Например, средний порог у молодого
стабильного пациента с травмой составлял
83±10 г/л, а у пожилых пациентов после
желудочно-кишечного кровотечения порог
трансфузии составлял 95±10 г/л. В основном,
несмотря на опубликованные руководства,
многие специалисты по интенсивной
терапии в качестве порога трансфузии
считают 100 г/л. Эти же авторы в использовании
гемотрансфузий указывают на либеральную
трансфузионную стратегию (поддержание
гемоглобина на уровне 100-120 г/л) и стратегию
ограничения трансфузий (поддержание
гемоглобина на уровне 70-90 г/л). Стратегия
ограничения трансфузии была признана
столь же эффективной, как и либеральная,
при восстановлении объема у большинства
пациентов, в том числе с сердечно-сосудистыми
заболеваниями, за исключением пациентов
с активной ишемической болезнью сердца.
В повседневной клинической практике
для определения показаний к гемотрансфузиям
при острых гастродуоденальных язвенных
кровотечениях используется тяжесть
кровопотери: ее клинические критерии
и уровень гемоглобина (ниже 80 г/л) и
гематокрита (ниже 25%). Трансфузия
эритроцитной массы обязательна при
кровопотере III и IV степеней, когда
требуется коррекция не только
циркуляторной, но и гемической гипоксии.
Несмотря на официально предусмотренный срок хранения эритроцитной массы 30 сут, адекватную кислородтранспортную функцию донорские эритроциты обеспечивают только в первые 5-7 сут после взятия крови. Это связано со снижением в консервированной крови концентрации 2-,3-ДГФ, смещением S-кривой насыщения гемоглобина вправо с нарушением отдачи кислорода в тканях. Помимо уменьшения выраженности положительных качеств, наиболее доступная к применению эритроцитная масса длительных сроков хранения обладает рядом негативных свойств. Так, по данным С.А. Симбирцева, в 1 мл стабилизированной цитратом натрия крови содержится в 1-й день около 200, а при двухнедельном хранении уже около 20 000 агрегатов и сгустков фибрина диаметром до 200 мкм. При переливании такой крови неизбежно возникают выраженные повреждения первого фильтра на ее пути - капиллярной сети легких и альвеоло-капиллярной мембраны.

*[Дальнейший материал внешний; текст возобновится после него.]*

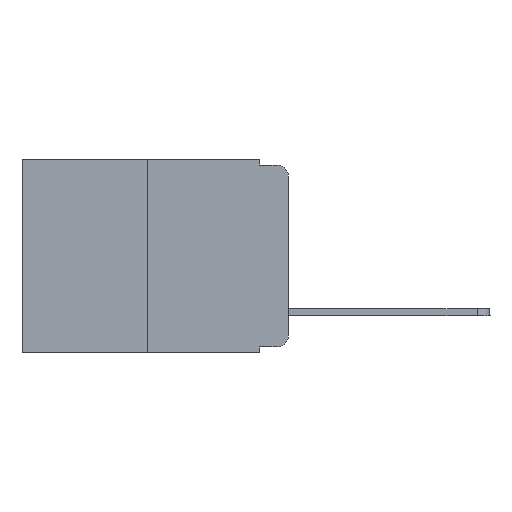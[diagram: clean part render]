
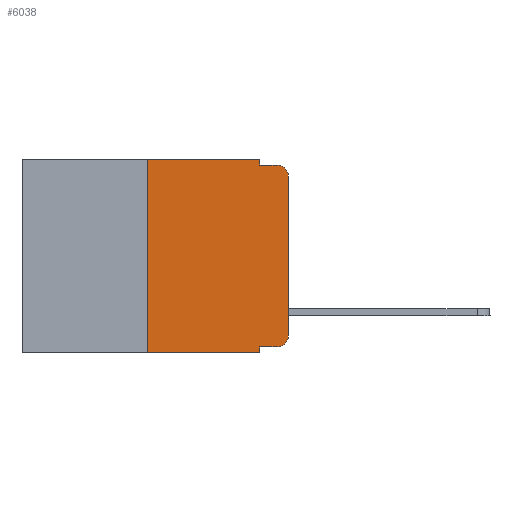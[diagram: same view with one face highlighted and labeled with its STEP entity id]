
A CAD part, left-side view. The second image highlights one B-rep face of the part: STEP entity #6038.
In plain terms, the highlighted planar face has unit normal (-1, 0, 0).
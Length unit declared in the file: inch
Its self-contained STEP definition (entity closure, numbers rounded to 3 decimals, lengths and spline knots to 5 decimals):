
#55 = LINE ( 'NONE', #207, #665 ) ;
#207 = CARTESIAN_POINT ( 'NONE',  ( 0., 0.051, 0. ) ) ;
#636 = CARTESIAN_POINT ( 'NONE',  ( 0., 0.25, 0. ) ) ;
#665 = VECTOR ( 'NONE', #2945, 39.37008 ) ;
#718 = DIRECTION ( 'NONE',  ( 0., 0., -1. ) ) ;
#817 = FACE_OUTER_BOUND ( 'NONE', #9570, .T. ) ;
#1017 = LINE ( 'NONE', #8204, #3437 ) ;
#1083 = VERTEX_POINT ( 'NONE', #6761 ) ;
#1377 = VECTOR ( 'NONE', #4258, 39.37008 ) ;
#1836 = DIRECTION ( 'NONE',  ( 0., 0., 1. ) ) ;
#1902 = DIRECTION ( 'NONE',  ( -1., 0., 0. ) ) ;
#1961 = EDGE_CURVE ( 'NONE', #9466, #3593, #12569, .T. ) ;
#2241 = ORIENTED_EDGE ( 'NONE', *, *, #13713, .T. ) ;
#2473 = EDGE_CURVE ( 'NONE', #8637, #9645, #10132, .T. ) ;
#2530 = CARTESIAN_POINT ( 'NONE',  ( 0., 0.051, -0.333 ) ) ;
#2765 = LINE ( 'NONE', #5359, #1377 ) ;
#2816 = CARTESIAN_POINT ( 'NONE',  ( 0., 0., -0.313 ) ) ;
#2838 = DIRECTION ( 'NONE',  ( 0., -1., 0. ) ) ;
#2945 = DIRECTION ( 'NONE',  ( 0., 0., -1. ) ) ;
#3437 = VECTOR ( 'NONE', #1836, 39.37008 ) ;
#3593 = VERTEX_POINT ( 'NONE', #9325 ) ;
#3836 = DIRECTION ( 'NONE',  ( -1., 0., 0. ) ) ;
#3956 = CIRCLE ( 'NONE', #6671, 0.02 ) ;
#4243 = AXIS2_PLACEMENT_3D ( 'NONE', #8437, #15005, #7209 ) ;
#4258 = DIRECTION ( 'NONE',  ( 0., -1., 0. ) ) ;
#4588 = CARTESIAN_POINT ( 'NONE',  ( 0., 0.25, -0.343 ) ) ;
#4940 = CARTESIAN_POINT ( 'NONE',  ( 0., 0.473, 0. ) ) ;
#5207 = CARTESIAN_POINT ( 'NONE',  ( 0., 0.051, -0.01 ) ) ;
#5359 = CARTESIAN_POINT ( 'NONE',  ( 0., 0.473, -0.343 ) ) ;
#5781 = EDGE_CURVE ( 'NONE', #1083, #15690, #7838, .T. ) ;
#5980 = EDGE_CURVE ( 'NONE', #6681, #8637, #1017, .T. ) ;
#6038 = ADVANCED_FACE ( 'NONE', ( #817 ), #14897, .F. ) ;
#6141 = LINE ( 'NONE', #14799, #15183 ) ;
#6408 = ORIENTED_EDGE ( 'NONE', *, *, #5980, .F. ) ;
#6595 = CARTESIAN_POINT ( 'NONE',  ( 0., 0.051, -0.01 ) ) ;
#6671 = AXIS2_PLACEMENT_3D ( 'NONE', #10953, #3836, #16038 ) ;
#6681 = VERTEX_POINT ( 'NONE', #4588 ) ;
#6761 = CARTESIAN_POINT ( 'NONE',  ( 0., 0.051, -0.333 ) ) ;
#6829 = VECTOR ( 'NONE', #12803, 39.37008 ) ;
#6850 = CIRCLE ( 'NONE', #14846, 0.02 ) ;
#6898 = VERTEX_POINT ( 'NONE', #5207 ) ;
#7050 = CARTESIAN_POINT ( 'NONE',  ( 0., 0.02, -0.03 ) ) ;
#7209 = DIRECTION ( 'NONE',  ( 0., 0., -1. ) ) ;
#7406 = EDGE_CURVE ( 'NONE', #6681, #9851, #2765, .T. ) ;
#7838 = LINE ( 'NONE', #2530, #6829 ) ;
#7950 = VECTOR ( 'NONE', #15920, 39.37008 ) ;
#8204 = CARTESIAN_POINT ( 'NONE',  ( 0., 0.25, 0. ) ) ;
#8404 = EDGE_CURVE ( 'NONE', #1083, #9851, #6141, .T. ) ;
#8436 = ORIENTED_EDGE ( 'NONE', *, *, #11366, .F. ) ;
#8437 = CARTESIAN_POINT ( 'NONE',  ( 0., 0.473, 0. ) ) ;
#8637 = VERTEX_POINT ( 'NONE', #636 ) ;
#8786 = ORIENTED_EDGE ( 'NONE', *, *, #7406, .T. ) ;
#8802 = ORIENTED_EDGE ( 'NONE', *, *, #5781, .T. ) ;
#8826 = DIRECTION ( 'NONE',  ( 0., -1., 0. ) ) ;
#9069 = ORIENTED_EDGE ( 'NONE', *, *, #11413, .F. ) ;
#9325 = CARTESIAN_POINT ( 'NONE',  ( 0., 0., -0.03 ) ) ;
#9411 = CARTESIAN_POINT ( 'NONE',  ( 0., 0., 0. ) ) ;
#9466 = VERTEX_POINT ( 'NONE', #2816 ) ;
#9570 = EDGE_LOOP ( 'NONE', ( #13248, #10444, #8436, #9069, #11517, #6408, #8786, #12966, #8802, #2241 ) ) ;
#9645 = VERTEX_POINT ( 'NONE', #11063 ) ;
#9683 = DIRECTION ( 'NONE',  ( 0., 0., -1. ) ) ;
#9851 = VERTEX_POINT ( 'NONE', #16337 ) ;
#9894 = CARTESIAN_POINT ( 'NONE',  ( 0., 0.02, -0.333 ) ) ;
#10132 = LINE ( 'NONE', #4940, #16182 ) ;
#10444 = ORIENTED_EDGE ( 'NONE', *, *, #12144, .T. ) ;
#10953 = CARTESIAN_POINT ( 'NONE',  ( 0., 0.02, -0.313 ) ) ;
#11063 = CARTESIAN_POINT ( 'NONE',  ( 0., 0.051, 0. ) ) ;
#11300 = VERTEX_POINT ( 'NONE', #15998 ) ;
#11366 = EDGE_CURVE ( 'NONE', #6898, #11300, #16326, .T. ) ;
#11413 = EDGE_CURVE ( 'NONE', #9645, #6898, #55, .T. ) ;
#11517 = ORIENTED_EDGE ( 'NONE', *, *, #2473, .F. ) ;
#12144 = EDGE_CURVE ( 'NONE', #3593, #11300, #6850, .T. ) ;
#12569 = LINE ( 'NONE', #9411, #7950 ) ;
#12803 = DIRECTION ( 'NONE',  ( 0., -1., 0. ) ) ;
#12890 = VECTOR ( 'NONE', #2838, 39.37008 ) ;
#12966 = ORIENTED_EDGE ( 'NONE', *, *, #8404, .F. ) ;
#13248 = ORIENTED_EDGE ( 'NONE', *, *, #1961, .T. ) ;
#13713 = EDGE_CURVE ( 'NONE', #15690, #9466, #3956, .T. ) ;
#14799 = CARTESIAN_POINT ( 'NONE',  ( 0., 0.051, 0. ) ) ;
#14846 = AXIS2_PLACEMENT_3D ( 'NONE', #7050, #1902, #9683 ) ;
#14897 = PLANE ( 'NONE',  #4243 ) ;
#15005 = DIRECTION ( 'NONE',  ( 1., 0., 0. ) ) ;
#15183 = VECTOR ( 'NONE', #718, 39.37008 ) ;
#15690 = VERTEX_POINT ( 'NONE', #9894 ) ;
#15920 = DIRECTION ( 'NONE',  ( 0., 0., 1. ) ) ;
#15998 = CARTESIAN_POINT ( 'NONE',  ( 0., 0.02, -0.01 ) ) ;
#16038 = DIRECTION ( 'NONE',  ( 0., 0., -1. ) ) ;
#16182 = VECTOR ( 'NONE', #8826, 39.37008 ) ;
#16326 = LINE ( 'NONE', #6595, #12890 ) ;
#16337 = CARTESIAN_POINT ( 'NONE',  ( 0., 0.051, -0.343 ) ) ;

В настоящее время, несмотря на сдержанность при определении показаний к трансфузии эритроцитов, переливание эритроцитной массы остается частым и не всегда объяснимым, особенно при кровопотере средней степени, когда целесообразность такого переливания сомнительна. Например, согласно данным P. Lundsgaard-Hansen частота гемотрансфузий при желудочных кровотечениях в различных клиниках США и Европы колеблется от 11 до 76%. В современной трансфузиологии основным показанием для переливания эритроцитной массы считается острая массивная кровопотеря тяжелой и крайне тяжелой степени при достижении стабильной гемодинамики и тканевой перфузии инфузионной терапией.